It’s a bit strange how the meaning of the well-known phrase ‘The road to hell is paved with good intentions’ has been so twisted… Well, you can’t possibly interpret it so literally! The essence of it is not that if you have good intentions, you’ll inevitably end up in hell… And it’s certainly not about how every good intention harbors a bunch of bad ones… Or even a more simplistic interpretation: ‘if you do something good for people (or someone), those same people (or someone) will punish and betray you’.

This is just complete nonsense, can anyone really draw such unrealistic conclusions that have nothing to do with the meaning of the proverbial phrases? And yet people (and I personally know them) flaunt this! ‘I did everything for him, and he screwed me over… Good intentions…’ Well, I won’t even talk about the fact that when you want to give something to someone, you shouldn’t expect anything in return, that’s a whole different topic.

So, what is the meaning of this mysterious phrase – ‘The road to hell is paved with good intentions’? Here’s what it is.

The key word here is not ‘good’, but ‘intentions’. By definition, there can be no problem with good. It’s good that people have good intentions. It’s right. But that’s not enough. You not only need to have good intentions, but also act on them. Otherwise, it goes like this: people conceive a good intention in their hearts. It enlightens them, they glow and melt from the sweet goodness of their intentions. And that’s where it ends. People do nothing. Why? Because they’re already fooled by this goodness, their brains deceive them, they already ‘think’ they’ve done something just by ‘intending’.

However, no matter how many and what kind of good intentions a person has, if they immediately (this is the key point) do nothing about realizing these intentions, turning them into reality, then that’s it. The intention remains just an idea. And this is much worse than if a person never had a single good intention: demand arises from nothing. Demand comes from those who have good ideas, kind impulses, desires to give, but kill them without bringing them to action. This is how the road to hell is paved. And the more unrealized good intentions there are, the better paved the road becomes.

So you have to act. Immediately. If you want to help people – right now you need to go and help them. If you want to feed the hungry – right now buy food and go feed them. If you want to save animals – right now go and save them. Or give money to those who do. Only action counts.

And the same law applies to a person’s own life. The more a person is given – abilities, talents, knowledge, skills – the more will be demanded of them. The more will be asked of them. And the more intentions a person has – not turned into action – the richer their road to hell is paved, the more likely this road will lead them there.

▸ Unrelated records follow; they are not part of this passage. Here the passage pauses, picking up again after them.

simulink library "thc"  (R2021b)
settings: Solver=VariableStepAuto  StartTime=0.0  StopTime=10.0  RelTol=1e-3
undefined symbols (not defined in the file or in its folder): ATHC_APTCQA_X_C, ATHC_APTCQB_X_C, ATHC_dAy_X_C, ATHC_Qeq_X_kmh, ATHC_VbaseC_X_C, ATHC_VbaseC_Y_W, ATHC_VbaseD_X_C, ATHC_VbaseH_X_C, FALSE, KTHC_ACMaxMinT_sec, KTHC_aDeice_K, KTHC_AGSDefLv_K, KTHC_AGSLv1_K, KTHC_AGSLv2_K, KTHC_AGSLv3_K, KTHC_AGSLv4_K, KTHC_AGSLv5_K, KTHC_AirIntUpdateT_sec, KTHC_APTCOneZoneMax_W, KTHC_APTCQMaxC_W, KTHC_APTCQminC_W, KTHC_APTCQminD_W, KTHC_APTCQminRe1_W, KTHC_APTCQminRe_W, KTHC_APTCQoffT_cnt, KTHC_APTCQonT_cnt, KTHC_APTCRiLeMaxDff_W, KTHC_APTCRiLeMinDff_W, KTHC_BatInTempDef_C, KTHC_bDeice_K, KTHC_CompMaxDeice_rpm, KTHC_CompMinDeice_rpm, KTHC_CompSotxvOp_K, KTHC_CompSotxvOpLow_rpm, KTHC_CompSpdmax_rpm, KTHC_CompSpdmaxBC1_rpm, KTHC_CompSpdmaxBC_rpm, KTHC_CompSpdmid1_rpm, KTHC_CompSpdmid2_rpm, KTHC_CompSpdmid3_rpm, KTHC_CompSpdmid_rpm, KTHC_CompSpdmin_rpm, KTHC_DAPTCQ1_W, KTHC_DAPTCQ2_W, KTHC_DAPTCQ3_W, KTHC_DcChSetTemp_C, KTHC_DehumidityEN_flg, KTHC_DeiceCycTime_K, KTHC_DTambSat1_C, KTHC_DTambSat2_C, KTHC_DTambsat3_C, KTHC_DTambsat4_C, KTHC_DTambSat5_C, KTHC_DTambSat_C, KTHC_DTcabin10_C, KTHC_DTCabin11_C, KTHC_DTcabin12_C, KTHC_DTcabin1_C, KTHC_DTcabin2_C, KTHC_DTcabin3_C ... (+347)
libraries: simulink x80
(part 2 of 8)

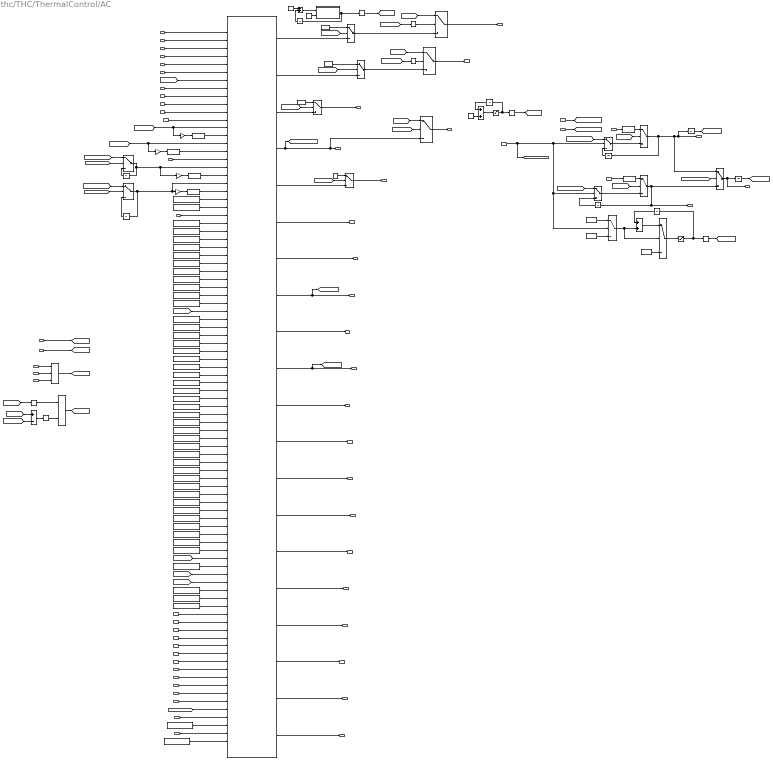
== system thc/THC/ThermalControl/AC ==
  VINP_FCPFrEvtBtnACMaxReq_flg : Inport
  VINP_FCPFrEvtBtnACReq_flg : Inport  Port=2
  VINP_FCPFrEvtBtnAutoReq_flg : Inport  Port=3
  VINP_FCPFrEvtBtnSyncReq_flg : Inport  Port=4
  VINP_Tamb_C : Inport  Port=5
  VINP_Tincar_C : Inport  Port=6
  VINP_sigAirIntenZon1Req_enum : Inport  Port=7
  VINP_sigRecircReq_flg : Inport  Port=8
  VINP_sigFaceReq_flg : Inport  Port=9
  VINP_sigFootReq_flg : Inport  Port=10
  VINP_sigFrostReq_flg : Inport  Port=11
  VINP_sigSetTempZon1Req_C : Inport  Port=12
  VINP_CANMsgValidIVI2_flg : Inport  Port=13
  VINP_sigSetTempZon2Req_C : Inport  Port=14
  VTHC_FDBlowerCmd_pct : Inport  Port=15
  PwrSta : Inport  Port=16
  OFF_AC_MODE : Inport  Port=17
  CabinMode : Inport  Port=18
  T_Foot_L : Inport  Port=19
  T_Foot_R : Inport  Port=20
  T_Foot_Rr : Inport  Port=21
  EEP_ACModeMem : Inport  Port=22
  EEP_Face : Inport  Port=23
  EEP_Foot : Inport  Port=24
  EEP_Frost : Inport  Port=25
  EEP_FaceM : Inport  Port=26
  EEP_FootM : Inport  Port=27
  EEP_CCUSyncSts : Inport  Port=28
  EEP_ACForceOFF : Inport  Port=29
  EEP_sigRecircSt : Inport  Port=30
  EEP_RecAutoFlg : Inport  Port=31
  EEP_AirIntenZone1M : Inport  Port=32
  EEP_fdefog : Inport  Port=33
  EEP_sigSetTempZon1Req : Inport  Port=34
  EEP_sigSetTempZon2Req : Inport  Port=35
  VINP_RemoteAutoReq_flg : Inport  Port=36
  ACSubMode : Inport  Port=37
  Add : Sum
  Add2 : Sum
  Add3 : Sum  Inputs=+-
  Add4 : Sum
  Chart : Stateflow chart  TreatAsAtomicUnit=on
      settings: PortSchema="{\"entries\":[{\"content\":{\"sides\":[{\"content\":{\"connectorIds\":[\"In1\",\"In2\",\"In3\",\"In4\",\"In5\",\"In6\",\"In7\",\"In8\",\"In9\",\"In10\",\"In11\",\"In12\",\"In13\",\"In14\",\"In15\",\"In16\",\"In17\",\"In18\",\"In20\",\"In21\",\"In19\",\"In22\",\"In23\",\"In24\",\"In25\",\"In26\",\"In27\",\"In28\",\"In29\",\"In30\",\"In31\",\"In32\",\"In33\",\"In34\",\"In35\",\"In36\",\"In37\",\"In38\",\"In39\",\"In40\",\"In41\",\"In42\",\"In43\",\"In44\",\"In45\",\"In46\",\"In47\",\"In48\",\"In49\",\"In50\",\"In51\",\"In52\",\"In53\",\"In54\",\"In55\",\"In56\",\"In57\",\"In58\",\"In59\",\"In60\",\"In61\",\"In62\",\"In63\",\"In64\",\"In65\",\"In66\",\"In67\",\"In68\",\"In69\",\"In70\",\"In71\",\"In72\",\"In73\",\"In74\",\"In75\",\"In76\",\"In77\",\"In78\",\"In79\",\"In80\",\"In81\",\"In82\",\"In83\",\"In84\",\"In85\",\"In86\",\"In87\",\"In88\",\"In89\",\"In90\"]},\"type\":\"ConnectorPlacement.EquallySpacedRectSide\",\"uuid\":\"5820fc40-35f0-4b43-a348-a95be02a5108\"},{\"content\":{\"connectorIds\":[\"Out1\",\"Out6\",\"Out2\",\"Out3\",\"Out4\",\"Out5\",\"Out7\",\"Out8\",\"Out9\",\"Out10\",\"Out11\",\"Out12\",\"Out13\",\"Out14\",\"Out15\",\"Out16\",\"Out17\",\"Out18\",\"Out19\",\"Out20\"],\"side\":\"RIGHT\"},\"type\":\"ConnectorPlacement.EquallySpacedRectSide\",\"uuid\":\"36d6613c-bf09-4a00-b7cd-6c94d14300cf\"},{\"content\":{\"connectorIds\":[],\"side\":\"TOP\"},\"type\":\"ConnectorPlacement.EquallySpacedRectSide\",\"uuid\":\"1ae2c247-46e8-45cc-9ea1-ac445f4d9fda\"}]},\"type\":\"ConnectorPlacement.EquallySpacedConnector\",\"uuid\":\"a8684177-dc23-416a-a392-32f98192c4b4\"}],\"packageUris\":[\"http://schema.mathworks.com/mf0/Connector/R2020b\"],\"version\":\"1.0\"}"
  Compare To Constant : simulink/Logic and Bit Operations/Compare To Constant  relop=<  const=5  OutDataTypeStr=boolean
  Compare To Constant2 : simulink/Logic and Bit Operations/Compare To Constant  relop=>=  const=100  OutDataTypeStr=boolean
  Compare To Constant3 : simulink/Logic and Bit Operations/Compare To Constant  relop===  const=3.0  OutDataTypeStr=boolean
  Compare To Constant4 : simulink/Logic and Bit Operations/Compare To Constant  relop=<  const=0  OutDataTypeStr=boolean
  Compare To Constant5 : simulink/Logic and Bit Operations/Compare To Constant  relop=<  const=3.0  OutDataTypeStr=boolean
  Compare To Constant6 : simulink/Logic and Bit Operations/Compare To Constant  relop===  const=2  OutDataTypeStr=boolean
  Compare To Constant7 : simulink/Logic and Bit Operations/Compare To Constant  relop===  const=1  OutDataTypeStr=boolean
  Constant : Constant
  Constant1 : Constant  Value=10
  Constant10 : Constant  Value=KTHC_T2Mmaxamb_C
  Constant11 : Constant  Value=KTHC_T3Mmaxamb_C
  Constant12 : Constant  Value=KTHC_T4Mmaxamb_C
  Constant13 : Constant  Value=KTHC_T3Mminamb_C
  Constant14 : Constant  Value=KTHC_T4Mminamb_C
  Constant15 : Constant  Value=KTHC_T5Mminamb_C
  Constant16 : Constant  Value=KTHC_RecyHold_min
  Constant17 : Constant  Value=KTHC_RecyChange_min
  Constant18 : Constant  Value=KTHC_Tmidlevel_C
  Constant19 : Constant  Value=KTHC_Thilevel1_C
  Constant2 : Constant  Value=FALSE
  Constant20 : Constant  Value=KTHC_Thilevel2_C
  Constant21 : Constant  Value=KTHC_WDZ1Face_flg
  Constant22 : Constant  Value=KTHC_WDZ1Foot_flg
  Constant23 : Constant  Value=KTHC_WDZ1Frost_flg
  Constant24 : Constant  Value=KTHC_WDZ2Face_flg
  Constant25 : Constant  Value=KTHC_WDZ2Foot_flg
  Constant26 : Constant  Value=KTHC_WDZ2Frost_flg
  Constant27 : Constant  Value=KTHC_WDZ3Face_flg
  Constant28 : Constant  Value=KTHC_WDZ3Foot_flg
  Constant29 : Constant  Value=KTHC_WDZ3Frost_flg
  Constant3 : Constant  Value=FALSE
  Constant30 : Constant  Value=KTHC_WDZ4Face_flg
  Constant31 : Constant  Value=KTHC_WDZ4Foot_flg
  Constant32 : Constant  Value=KTHC_WDZ4Frost_flg
  Constant33 : Constant  Value=KTHC_WDZ5Face_flg
  Constant34 : Constant  Value=KTHC_WDZ5Foot_flg
  Constant35 : Constant  Value=KTHC_WDZ5Frost_flg
  Constant36 : Constant  Value=KTHC_WDZ6Face_flg
  Constant37 : Constant  Value=KTHC_WDZ6Foot_flg
  Constant38 : Constant  Value=KTHC_WDZ6Frost_flg
  Constant39 : Constant  Value=KTHC_WDZ7Face_flg
  Constant4 : Constant  Value=ZERO_INT
  Constant40 : Constant  Value=KTHC_WDZ7Foot_flg
  Constant41 : Constant  Value=KTHC_WDZ7Frost_flg
  Constant42 : Constant  Value=KTHC_WDZ8Face_flg
  Constant43 : Constant  Value=KTHC_WDZ8Foot_flg
  Constant44 : Constant  Value=KTHC_WDZ8Frost_flg
  Constant45 : Constant  Value=KTHC_WDZ9Face_flg
  Constant46 : Constant  Value=KTHC_WDZ9Foot_flg
  Constant47 : Constant  Value=KTHC_WDZ9Frost_flg
  Constant48 : Constant  Value=ONE_INT
  Constant49 : Constant  Value=ZERO_INT
  Constant5 : Constant  Value=KTHC_RecyOutterD_enum
  Constant50 : Constant  Value=KTHC_Trecymin_C
  Constant51 : Constant  Value=KTHC_RefreshEN_flg
  Constant52 : Constant  Value=KTHC_FootColdT_C
  Constant53 : Constant  Value=KTHC_FootColdTdelta_C
  Constant54 : Constant  Value=KTHC_ACMaxMinT_sec
  Constant55 : Constant
  Constant56 : Constant  Value=FALSE
  Constant57 : Constant  Value=KTHC_WDZ10Foot_flg
  Constant58 : Constant  Value=KTHC_WDZ10Frost_flg
  Constant6 : Constant  Value=KTHC_WDZ10Face_flg
  Constant7 : Constant  Value=KTHC_WindDirUpdateT_min
  Constant8 : Constant
  Constant9 : Constant  Value=KTHC_AirIntUpdateT_sec
  Data Type Conversion : DataTypeConversion  OutDataTypeStr=single
  Data Type Conversion1 : DataTypeConversion  OutDataTypeStr=single
  Data Type Conversion{2..5} (4 alike) : DataTypeConversion  OutDataTypeStr=uint16
  Gain{,1..3} (4 alike) : Gain  Gain=10
  Logical Operator : Logic  Operator=NXOR  AllPortsSameDT=off  OutDataTypeStr=boolean
  Min : MinMax  Inputs=3
  ModMath2 : Subsystem  mask(Count){}
      mask help: Counter function.
      mask Display:
      | fprintf('ModMath');
      | port_label('output', 1, 'Remainder');
      | port_label('input', 1, 'Dividend');
      | port_label('input', 2, 'Divisor');
  Saturation : Saturate  UpperLimit=100  LowerLimit=0
  Saturation1 : Saturate  UpperLimit=3  LowerLimit=0
  Switch{,1..15} (16 alike) : Switch  Criteria=u2 > Threshold
  Unit Delay : UnitDelay  InitialCondition=26  SampleTime=-1  HasFrameUpgradeWarning=on
  Unit Delay1 : UnitDelay  InitialCondition=26  SampleTime=-1  HasFrameUpgradeWarning=on
  Unit Delay{2..8} (7 alike) : UnitDelay  SampleTime=-1  HasFrameUpgradeWarning=on
  VTHC_CCUACLampSts_flg : Outport
  VTHC_CCUAutoLampSts_flg : Outport  Port=2
  VTHC_CCUACMaxLampSts_flg : Outport  Port=3
  VTHC_CCUSyncLampSts_flg : Outport  Port=4
  VTHC_sigAirIntenZon1St_enum : Outport  Port=5
  VTHC_sigWindDirZon1St_enum : Outport  Port=6
  VTHC_sigRecircSt_flg : Outport  Port=7
  VTHC_sigSetTempZon1St_C : Outport  Port=8
  VTHC_sigSetTempZon2St_C : Outport  Port=9
  WaterFillReq : Outport  Port=10
  PET : Outport  Port=11
  FD_RecyAuto_Cmd : Outport  Port=12
  ACModeMem : Outport  Port=13
  Face : Outport  Port=14
  Foot : Outport  Port=15
  Frost : Outport  Port=16
  FaceM : Outport  Port=17
  FootM : Outport  Port=18
  CCUSyncSts : Outport  Port=19
  ACForceOFF : Outport  Port=20
  RecAutoFlg : Outport  Port=21
  AirIntenZone1M : Outport  Port=22
  fdefog : Outport  Port=23
  VTHC_sigSetTempZon2StM_C : Outport  Port=24
  wires:
  Unit Delay1/1 -> Switch2/3
  Switch11/1 -> Unit Delay/1, Switch/1, Unit Delay3/1, VTHC_sigSetTempZon1St_C/1  "VTHC_sigSetTempZon1St_C"
  [VTHC_CCUSyncSts_flg] -> Switch/2
  VINP_Tamb_C/1 -> Chart/6(Tamb)
  VINP_sigAirIntenZon1Req_enum/1 -> Chart/8(sigAirIntenZon1Req)
  Chart/7(sigRecircSt) -> VTHC_sigRecircSt_flg/1  "VTHC_sigRecircSt_flg"
  Chart/1(CCU_ACLampSts) -> Switch4/3  "VTHC_CCUACLampSts_flg"
  VINP_FCPFrEvtBtnACMaxReq_flg/1 -> Chart/1(FCP_FrEvt_BtnACMaxReq)
  Chart/5(sigWindDirZon1St) -> VTHC_sigWindDirZon1St_enum/1  "VTHC_sigWindDirZon1St_enum"
  VINP_sigFrostReq_flg/1 -> Chart/12(sigFrostReq)
  VINP_sigRecircReq_flg/1 -> Chart/9(sigRecircReq)
  Switch/1 -> VTHC_sigSetTempZon2St_C/1, Unit Delay7/1  "VTHC_sigSetTempZon2St_C"
  VINP_sigFaceReq_flg/1 -> Chart/10(sigFaceReq)
  VINP_sigFootReq_flg/1 -> Chart/11(sigFootReq)
  VINP_FCPFrEvtBtnSyncReq_flg/1 -> Chart/4(FCP_FrEvt_BtnSyncReq)
  VINP_FCPFrEvtBtnACReq_flg/1 -> Chart/2(FCP_FrEvt_BtnACReq)
  VINP_FCPFrEvtBtnAutoReq_flg/1 -> Chart/3(FCP_FrEvt_BtnAutoReq)
  VINP_CANMsgValidIVI2_flg/1 -> [VINP_CANMsgValidIVI2_flg], Switch1/2, Switch9/2, Switch2/2  "VINP_CANMsgValidIVI2_flg"
  Chart/2(CCU_ACMaxLampSts) -> Switch5/3  "VTHC_CCUACMaxLampSts_flg"
  VTHC_FDBlowerCmd_pct/1 -> Chart/5(FD_Blower_Cmd)
  PwrSta/1 -> Chart/17(PwrSta)
  Chart/9(Frost) -> Frost/1
  Chart/8(WaterFillReq) -> [WaterFillReq], WaterFillReq/1
  Add/1 -> ModMath2/1(Dividend)
  Unit Delay4/1 -> Add/2
  Constant/1 -> Add/1
  Constant1/1 -> ModMath2/2(Divisor)
  [WaterFillReq] -> Compare To Constant7/1
  Chart/10(ACForceOFF) -> [ACForceOFF], ACForceOFF/1
  [ACForceOFF] -> Switch4/2
  Switch4/1 -> Switch3/3  "VTHC_CCUACLampSts_flg"
  Constant2/1 -> Switch4/1
  Switch5/1 -> VTHC_CCUACMaxLampSts_flg/1  "VTHC_CCUACMaxLampSts_flg"
  [ACForceOFF] -> Switch5/2
  Constant3/1 -> Switch5/1
  Switch3/1 -> VTHC_CCUACLampSts_flg/1  "VTHC_CCUACLampSts_flg"
  [ACForceOFF] -> Switch6/2
  Constant56/1 -> Switch6/1
  Chart/3(CCU_SyncSts) -> Switch7/3, CCUSyncSts/1, [VTHC_CCUSyncSts_flg]
  [Flash] -> Switch7/1
  [ACForceOFF] -> Switch7/2
  Switch7/1 -> VTHC_CCUSyncLampSts_flg/1  "VTHC_CCUSyncLampSts_flg"
  Constant7/1 -> Chart/22(KTHC_WindDirUpdateT_min)
  Constant8/1 -> Switch8/1
  [ACForceOFF] -> Switch8/2
  Switch8/1 -> VTHC_sigAirIntenZon1St_enum/1  "VTHC_sigAirIntenZon1St_enum"
  Chart/4(sigAirIntenZon1St) -> Switch8/3
  VINP_sigSetTempZon2Req_C/1 -> [VINP_sigSetTempZon2Req_C]
  VINP_sigSetTempZon1Req_C/1 -> [VINP_sigSetTempZon1Req_C]
  [VINP_sigSetTempZon1Req_C] -> Switch1/1
  [VINP_sigSetTempZon2Req_C] -> Switch2/1
  Constant9/1 -> Chart/23(KTHC_AirIntUpdateT_sec)
  OFF_AC_MODE/1 -> Chart/24(OFF_AC_MODE)
  Chart/11(PET) -> PET/1
  Constant10/1 -> Chart/25(KTHC_T2Mmaxamb_C)
  Constant11/1 -> Chart/26(KTHC_T3Mmaxamb_C)
  Constant12/1 -> Chart/27(KTHC_T4Mmaxamb_C)
  Constant13/1 -> Chart/28(KTHC_T3Mminamb_C)
  Constant14/1 -> Chart/29(KTHC_T4Mminamb_C)
  Constant15/1 -> Chart/30(KTHC_T5Mminamb_C)
  Constant16/1 -> Chart/31(KTHC_RecyHold_min)
  Constant17/1 -> Chart/32(KTHC_RecyChange_min)
  Chart/12(FD_RecyAuto_Cmd) -> FD_RecyAuto_Cmd/1
  Constant18/1 -> Chart/33(KTHC_Tmidlevel_C)
  Constant19/1 -> Chart/34(KTHC_Thilevel1_C)
  Constant20/1 -> Chart/35(KTHC_Thilevel2_C)
  Constant21/1 -> Chart/37(KTHC_WDZ1Face_flg)
  Constant23/1 -> Chart/39(KTHC_WDZ1Frost_flg)
  Constant22/1 -> Chart/38(KTHC_WDZ1Foot_flg)
  Constant24/1 -> Chart/40(KTHC_WDZ2Face_flg)
  Constant25/1 -> Chart/41(KTHC_WDZ2Foot_flg)
  Constant26/1 -> Chart/42(KTHC_WDZ2Frost_flg)
  Constant27/1 -> Chart/43(KTHC_WDZ3Face_flg)
  Constant28/1 -> Chart/44(KTHC_WDZ3Foot_flg)
  Constant29/1 -> Chart/45(KTHC_WDZ3Frost_flg)
  Constant30/1 -> Chart/46(KTHC_WDZ4Face_flg)
  Constant31/1 -> Chart/47(KTHC_WDZ4Foot_flg)
  Constant32/1 -> Chart/48(KTHC_WDZ4Frost_flg)
  Constant33/1 -> Chart/49(KTHC_WDZ5Face_flg)
  Constant34/1 -> Chart/50(KTHC_WDZ5Foot_flg)
  Constant35/1 -> Chart/51(KTHC_WDZ5Frost_flg)
  Constant36/1 -> Chart/52(KTHC_WDZ6Face_flg)
  Constant37/1 -> Chart/53(KTHC_WDZ6Foot_flg)
  Constant38/1 -> Chart/54(KTHC_WDZ6Frost_flg)
  Constant39/1 -> Chart/55(KTHC_WDZ7Face_flg)
  Constant40/1 -> Chart/56(KTHC_WDZ7Foot_flg)
  Constant41/1 -> Chart/57(KTHC_WDZ7Frost_flg)
  Constant42/1 -> Chart/58(KTHC_WDZ8Face_flg)
  Constant43/1 -> Chart/59(KTHC_WDZ8Foot_flg)
  Constant44/1 -> Chart/60(KTHC_WDZ8Frost_flg)
  Constant45/1 -> Chart/61(KTHC_WDZ9Face_flg)
  Constant46/1 -> Chart/62(KTHC_WDZ9Foot_flg)
  Constant47/1 -> Chart/63(KTHC_WDZ9Frost_flg)
  Constant49/1 -> Switch9/1
  Constant48/1 -> Switch9/3
  Switch9/1 -> Switch10/2, Add2/2
  Add2/1 -> Switch10/1
  Constant4/1 -> Switch10/3
  Switch10/1 -> Saturation/1
  Unit Delay6/1 -> Add2/1
  Saturation/1 -> Compare To Constant2/1, Unit Delay6/1
  Compare To Constant2/1 -> [ForceAuto]
  [ForceAuto] -> Chart/67(ForceAuto)
  Constant51/1 -> Chart/68(KTHC_RefreshEN_flg)
  T_Foot_L/1 -> Min/1
  T_Foot_R/1 -> Min/2
  T_Foot_Rr/1 -> Min/3
  Min/1 -> [T_Foot_min]
  [T_Foot_min] -> Chart/70(T_Foot_min)
  Constant52/1 -> Chart/71(KTHC_FootColdT_C)
  Constant53/1 -> Chart/72(KTHC_FootColdTdelta_C)
  CabinMode/1 -> [CabinMode]
  [CabinMode] -> Chart/36(CabinMode)
  [CabinMode] -> Compare To Constant3/1
  VINP_Tincar_C/1 -> [Tincar]
  [Tincar] -> Chart/7(Tincar)
  [Tincar] -> Add3/1
  [sigSetTempZon1St] -> Add3/2
  Add3/1 -> Compare To Constant4/1
  Compare To Constant3/1 -> Logical Operator/1
  Compare To Constant4/1 -> Logical Operator/2
  Logical Operator/1 -> [MaxFinish]
  [MaxFinish] -> Chart/69(MaxFinish)
  Constant54/1 -> Chart/73(KTHC_ACMaxMinT_sec)
  EEP_ACModeMem/1 -> Chart/74(EEP_ACModeMem)
  EEP_Face/1 -> Chart/75(EEP_Face)
  EEP_Foot/1 -> Chart/76(EEP_Foot)
  EEP_Frost/1 -> Chart/77(EEP_Frost)
  EEP_FaceM/1 -> Chart/78(EEP_FaceM)
  EEP_FootM/1 -> Chart/79(EEP_FootM)
  EEP_CCUSyncSts/1 -> Chart/80(EEP_CCUSyncSts)
  EEP_ACForceOFF/1 -> Chart/81(EEP_ACForceOFF)
  EEP_sigRecircSt/1 -> Chart/82(EEP_sigRecircSt)
  EEP_RecAutoFlg/1 -> Chart/83(EEP_RecAutoFlg)
  EEP_AirIntenZone1M/1 -> Chart/84(EEP_AirIntenZone1M)
  Chart/13(ACModeMem) -> ACModeMem/1
  Chart/14(FaceM) -> FaceM/1
  Chart/15(FootM) -> FootM/1
  Chart/16(Face) -> Face/1
  Chart/17(Foot) -> Foot/1
  EEP_fdefog/1 -> Chart/85(EEP_fdefog)
  Chart/18(fdefog) -> fdefog/1
  Chart/19(RecAutoFlg) -> RecAutoFlg/1
  Chart/20(AirIntenZone1M) -> AirIntenZone1M/1
  Add4/1 -> Saturation1/1
  Constant55/1 -> Add4/2
  Saturation1/1 -> Unit Delay2/1, Compare To Constant5/1
  Unit Delay2/1 -> Add4/1
  Compare To Constant5/1 -> [fInitial]
  Switch1/1 -> Switch11/3
  [fInitial] -> Switch11/2
  Unit Delay/1 -> Switch1/3
  EEP_sigSetTempZon1Req/1 -> Data Type Conversion/1
  Switch2/1 -> Switch12/3
  [fInitial] -> Switch12/2
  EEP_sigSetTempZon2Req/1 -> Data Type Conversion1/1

I won’t delve into the theosophical discussions now on what hell is, although the author of the phrase we’re discussing is a theologian. It works perfectly for atheists too. Besides the biblical meaning, for everyone hell is something of their own. But for me, it’s scarier in old age to look at all the endless possibilities to change the world from my own to the world of the entire planet that were in my hands, and then look at what I actually did, and be filled with deep sorrow over the ‘years lived in vain’. I already feel the breath of this hell. It’s close. It’s catching up. With each passing year, this hell breathes hotter on my neck, reminding me that the years are passing, and I’ve done so little of what I ‘intended’.

I wish every young person realized this, even when they’re very young, so they wouldn’t feel ‘agonizing pain’ when all their intentions shimmer as bricks on that long yellow brick road…

From a reliable (in my view) source: The exact meaning of this expression: ‘Hell is full of good meaning and wishings’ – ‘Ад полон добрыми намерениями и желаниями’. It belongs to the English theologian of the 17th century George Herbert. The meaning of this phrase is that there are significantly more good intentions than good deeds, and people who have good intentions but do not implement them cannot be considered righteous and end up in hell. To some extent, this expression is a loose paraphrase of the thought of the apostle James expressed in his General Epistle: ‘faith without works is dead’.

PS By the way, I understood the meaning of this phrase even before I started studying Christianity, at the age of 11.